River Of Soul Stock Photo | Getty Images

https://flic.kr/p/5j1Rzn


----------



## SpeyCatr (Aug 14, 2013)

But it's the best of IDAHO!!!!!!


Sent from my iPhone using Mountain Buzz


----------



## seantana (Mar 5, 2015)

SpeyCatr said:


> But it's the best of IDAHO!!!!!!



Time to start the letter writing campaign, then. 

Or not, I'm not your dad.


----------



## h20fwlr_24 (Jun 11, 2015)

Southfork of the Payette


----------



## dirtbagkayaker (Oct 29, 2008)

h20fwlr_24 said:


> Southfork of the Payette


seantana's post cleared up the location of river. He found the stock photo and it is the snake in Wyoming near jellystone park.


----------



## mattman (Jan 30, 2015)

Hell Ya!! Going to Wyoming!!!
( I'll make it to Idaho some day to, just as soon as they start issuing MFS permits to nahn Idaho residents)


----------



## boicatr (Mar 14, 2013)

dirtbagkayaker said:


> seantana's post cleared up the location of river. He found the stock photo and it is the snake in Wyoming near jellystone park.


Hmmmm. Shee-ut. I'm not buying Snake near Jackson. Could be just as mislabled as it was as an "Idaho" river. Hell it looks more like Entrance Falls on Stikine. Maybe another river in Yellowstone?


----------



## SpeyCatr (Aug 14, 2013)

Maybe it's photoshopped?


----------



## LSB (Mar 23, 2004)

Who made the sign 
Lets ask them
I hate false advertising
Drown the bastards


----------



## Junk Show Tours (Mar 11, 2008)

It's not the Snake but it is in Wyoming. Its the Yellowstone River as viewed from downstream of Tower Falls.


----------



## Wadeinthewater (Mar 22, 2009)

Paddle Iraq said:


> Its the Yellowstone River as viewed from downstream of Tower Falls.
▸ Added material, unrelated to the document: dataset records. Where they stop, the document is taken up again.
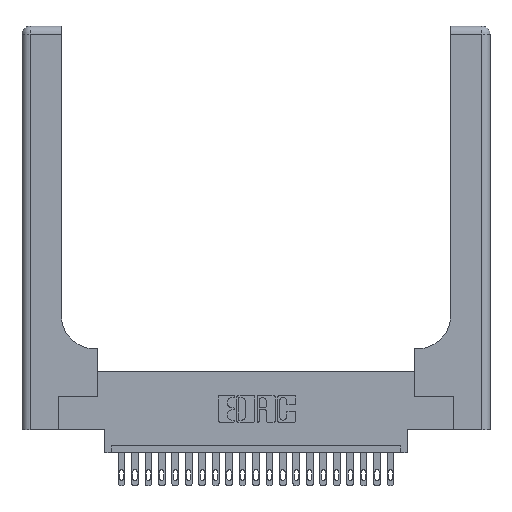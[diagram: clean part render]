
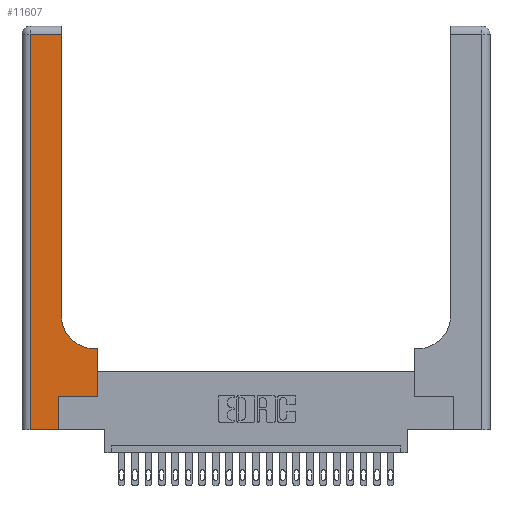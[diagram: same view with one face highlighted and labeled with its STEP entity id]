
A CAD part, top view. The second image highlights one B-rep face of the part: STEP entity #11607.
In plain terms, the highlighted planar face has unit normal (0, 0, 1).
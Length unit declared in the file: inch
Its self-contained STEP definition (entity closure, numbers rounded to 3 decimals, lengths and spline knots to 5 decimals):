
#24 = DIRECTION ( 'NONE',  ( 0., 1., 0. ) ) ;
#198 = VECTOR ( 'NONE', #4751, 39.37008 ) ;
#543 = VERTEX_POINT ( 'NONE', #7162 ) ;
#565 = EDGE_CURVE ( 'NONE', #6867, #11584, #22802, .T. ) ;
#567 = DIRECTION ( 'NONE',  ( 0., 0., -1. ) ) ;
#2136 = CARTESIAN_POINT ( 'NONE',  ( 0.2915, 0.85, 0.37 ) ) ;
#2402 = DIRECTION ( 'NONE',  ( -1., 0., 0. ) ) ;
#3290 = CARTESIAN_POINT ( 'NONE',  ( 0.2915, 2.94, 0.37 ) ) ;
#3500 = LINE ( 'NONE', #20035, #15060 ) ;
#4142 = CARTESIAN_POINT ( 'NONE',  ( 0.269, 0., 0.37 ) ) ;
#4342 = VECTOR ( 'NONE', #11018, 39.37008 ) ;
#4374 = VECTOR ( 'NONE', #4377, 39.37008 ) ;
#4377 = DIRECTION ( 'NONE',  ( 0., 1., 0. ) ) ;
#4751 = DIRECTION ( 'NONE',  ( 0., -1., 0. ) ) ;
#5583 = LINE ( 'NONE', #18223, #19075 ) ;
#6226 = ORIENTED_EDGE ( 'NONE', *, *, #23369, .T. ) ;
#6228 = CARTESIAN_POINT ( 'NONE',  ( 0.06, 3., 0.37 ) ) ;
#6528 = AXIS2_PLACEMENT_3D ( 'NONE', #10353, #14037, #19162 ) ;
#6867 = VERTEX_POINT ( 'NONE', #3290 ) ;
#7162 = CARTESIAN_POINT ( 'NONE',  ( 0.269, 0., 0.37 ) ) ;
#7716 = ORIENTED_EDGE ( 'NONE', *, *, #23533, .T. ) ;
#8134 = CARTESIAN_POINT ( 'NONE',  ( 0.5585, 0.25, 0.37 ) ) ;
#8171 = LINE ( 'NONE', #14948, #14776 ) ;
#8399 = ORIENTED_EDGE ( 'NONE', *, *, #23786, .T. ) ;
#8451 = VERTEX_POINT ( 'NONE', #17752 ) ;
#9090 = DIRECTION ( 'NONE',  ( -1., 0., 0. ) ) ;
#9454 = LINE ( 'NONE', #6228, #198 ) ;
#9866 = CARTESIAN_POINT ( 'NONE',  ( 0.5585, 0.6, 0.37 ) ) ;
#9956 = VERTEX_POINT ( 'NONE', #8134 ) ;
#10353 = CARTESIAN_POINT ( 'NONE',  ( 0.5415, 0.85, 0.37 ) ) ;
#10474 = EDGE_CURVE ( 'NONE', #11584, #22504, #9454, .T. ) ;
#11018 = DIRECTION ( 'NONE',  ( -1., 0., 0. ) ) ;
#11121 = FACE_OUTER_BOUND ( 'NONE', #15739, .T. ) ;
#11537 = PLANE ( 'NONE',  #14284 ) ;
#11584 = VERTEX_POINT ( 'NONE', #16839 ) ;
#11607 = ADVANCED_FACE ( 'NONE', ( #11121 ), #11537, .F. ) ;
#11608 = CARTESIAN_POINT ( 'NONE',  ( 0., 3., 0.37 ) ) ;
#12161 = CARTESIAN_POINT ( 'NONE',  ( 0.2915, 3., 0.37 ) ) ;
#12284 = EDGE_CURVE ( 'NONE', #22504, #543, #14827, .T. ) ;
#12465 = CARTESIAN_POINT ( 'NONE',  ( 0., 2.94, 0.37 ) ) ;
#12755 = LINE ( 'NONE', #4142, #4374 ) ;
#13222 = EDGE_CURVE ( 'NONE', #20647, #17824, #5583, .T. ) ;
#14037 = DIRECTION ( 'NONE',  ( 0., 0., -1. ) ) ;
#14284 = AXIS2_PLACEMENT_3D ( 'NONE', #11608, #567, #2402 ) ;
#14776 = VECTOR ( 'NONE', #24, 39.37008 ) ;
#14827 = LINE ( 'NONE', #18111, #21725 ) ;
#14948 = CARTESIAN_POINT ( 'NONE',  ( 0.5585, 0.25, 0.37 ) ) ;
#15060 = VECTOR ( 'NONE', #23776, 39.37008 ) ;
#15124 = ORIENTED_EDGE ( 'NONE', *, *, #565, .T. ) ;
#15739 = EDGE_LOOP ( 'NONE', ( #16266, #15124, #20334, #15951, #7716, #8399, #6226, #23730, #16982 ) ) ;
#15951 = ORIENTED_EDGE ( 'NONE', *, *, #12284, .T. ) ;
#16107 = VECTOR ( 'NONE', #21400, 39.37008 ) ;
#16145 = EDGE_CURVE ( 'NONE', #17824, #18964, #20884, .T. ) ;
#16266 = ORIENTED_EDGE ( 'NONE', *, *, #20834, .T. ) ;
#16518 = DIRECTION ( 'NONE',  ( 1., 0., 0. ) ) ;
#16839 = CARTESIAN_POINT ( 'NONE',  ( 0.06, 2.94, 0.37 ) ) ;
#16982 = ORIENTED_EDGE ( 'NONE', *, *, #16145, .T. ) ;
#17230 = CARTESIAN_POINT ( 'NONE',  ( 0.06, 0., 0.37 ) ) ;
#17752 = CARTESIAN_POINT ( 'NONE',  ( 0.269, 0.25, 0.37 ) ) ;
#17824 = VERTEX_POINT ( 'NONE', #18357 ) ;
#18111 = CARTESIAN_POINT ( 'NONE',  ( 0., 0., 0.37 ) ) ;
#18223 = CARTESIAN_POINT ( 'NONE',  ( 0.2915, 0.6, 0.37 ) ) ;
#18357 = CARTESIAN_POINT ( 'NONE',  ( 0.5415, 0.6, 0.37 ) ) ;
#18964 = VERTEX_POINT ( 'NONE', #2136 ) ;
#19075 = VECTOR ( 'NONE', #9090, 39.37008 ) ;
#19162 = DIRECTION ( 'NONE',  ( 1., 0., 0. ) ) ;
#19527 = LINE ( 'NONE', #12161, #16107 ) ;
#20035 = CARTESIAN_POINT ( 'NONE',  ( 0.269, 0.25, 0.37 ) ) ;
#20334 = ORIENTED_EDGE ( 'NONE', *, *, #10474, .T. ) ;
#20647 = VERTEX_POINT ( 'NONE', #9866 ) ;
#20834 = EDGE_CURVE ( 'NONE', #18964, #6867, #19527, .T. ) ;
#20884 = CIRCLE ( 'NONE', #6528, 0.25 ) ;
#21400 = DIRECTION ( 'NONE',  ( 0., 1., 0. ) ) ;
#21725 = VECTOR ( 'NONE', #16518, 39.37008 ) ;
#22504 = VERTEX_POINT ( 'NONE', #17230 ) ;
#22802 = LINE ( 'NONE', #12465, #4342 ) ;
#23369 = EDGE_CURVE ( 'NONE', #9956, #20647, #8171, .T. ) ;
#23533 = EDGE_CURVE ( 'NONE', #543, #8451, #12755, .T. ) ;
#23730 = ORIENTED_EDGE ( 'NONE', *, *, #13222, .T. ) ;
#23776 = DIRECTION ( 'NONE',  ( 1., 0., 0. ) ) ;
#23786 = EDGE_CURVE ( 'NONE', #8451, #9956, #3500, .T. ) ;

Yep. The second image is from Google Earth. The same place with less water.


----------



## mattman (Jan 30, 2015)

LSB said:


> Who made the sign
> Lets ask them
> I hate false advertising
> Drown the bastards


Hysterical laughter.


----------



## mattman (Jan 30, 2015)

And less trees? Still want to raft there!!


----------



## Junk Show Tours (Mar 11, 2008)

Wadeinthewater said:


> Yep. The second image is from Google Earth. The same place with less water.


I'll take my prize now


----------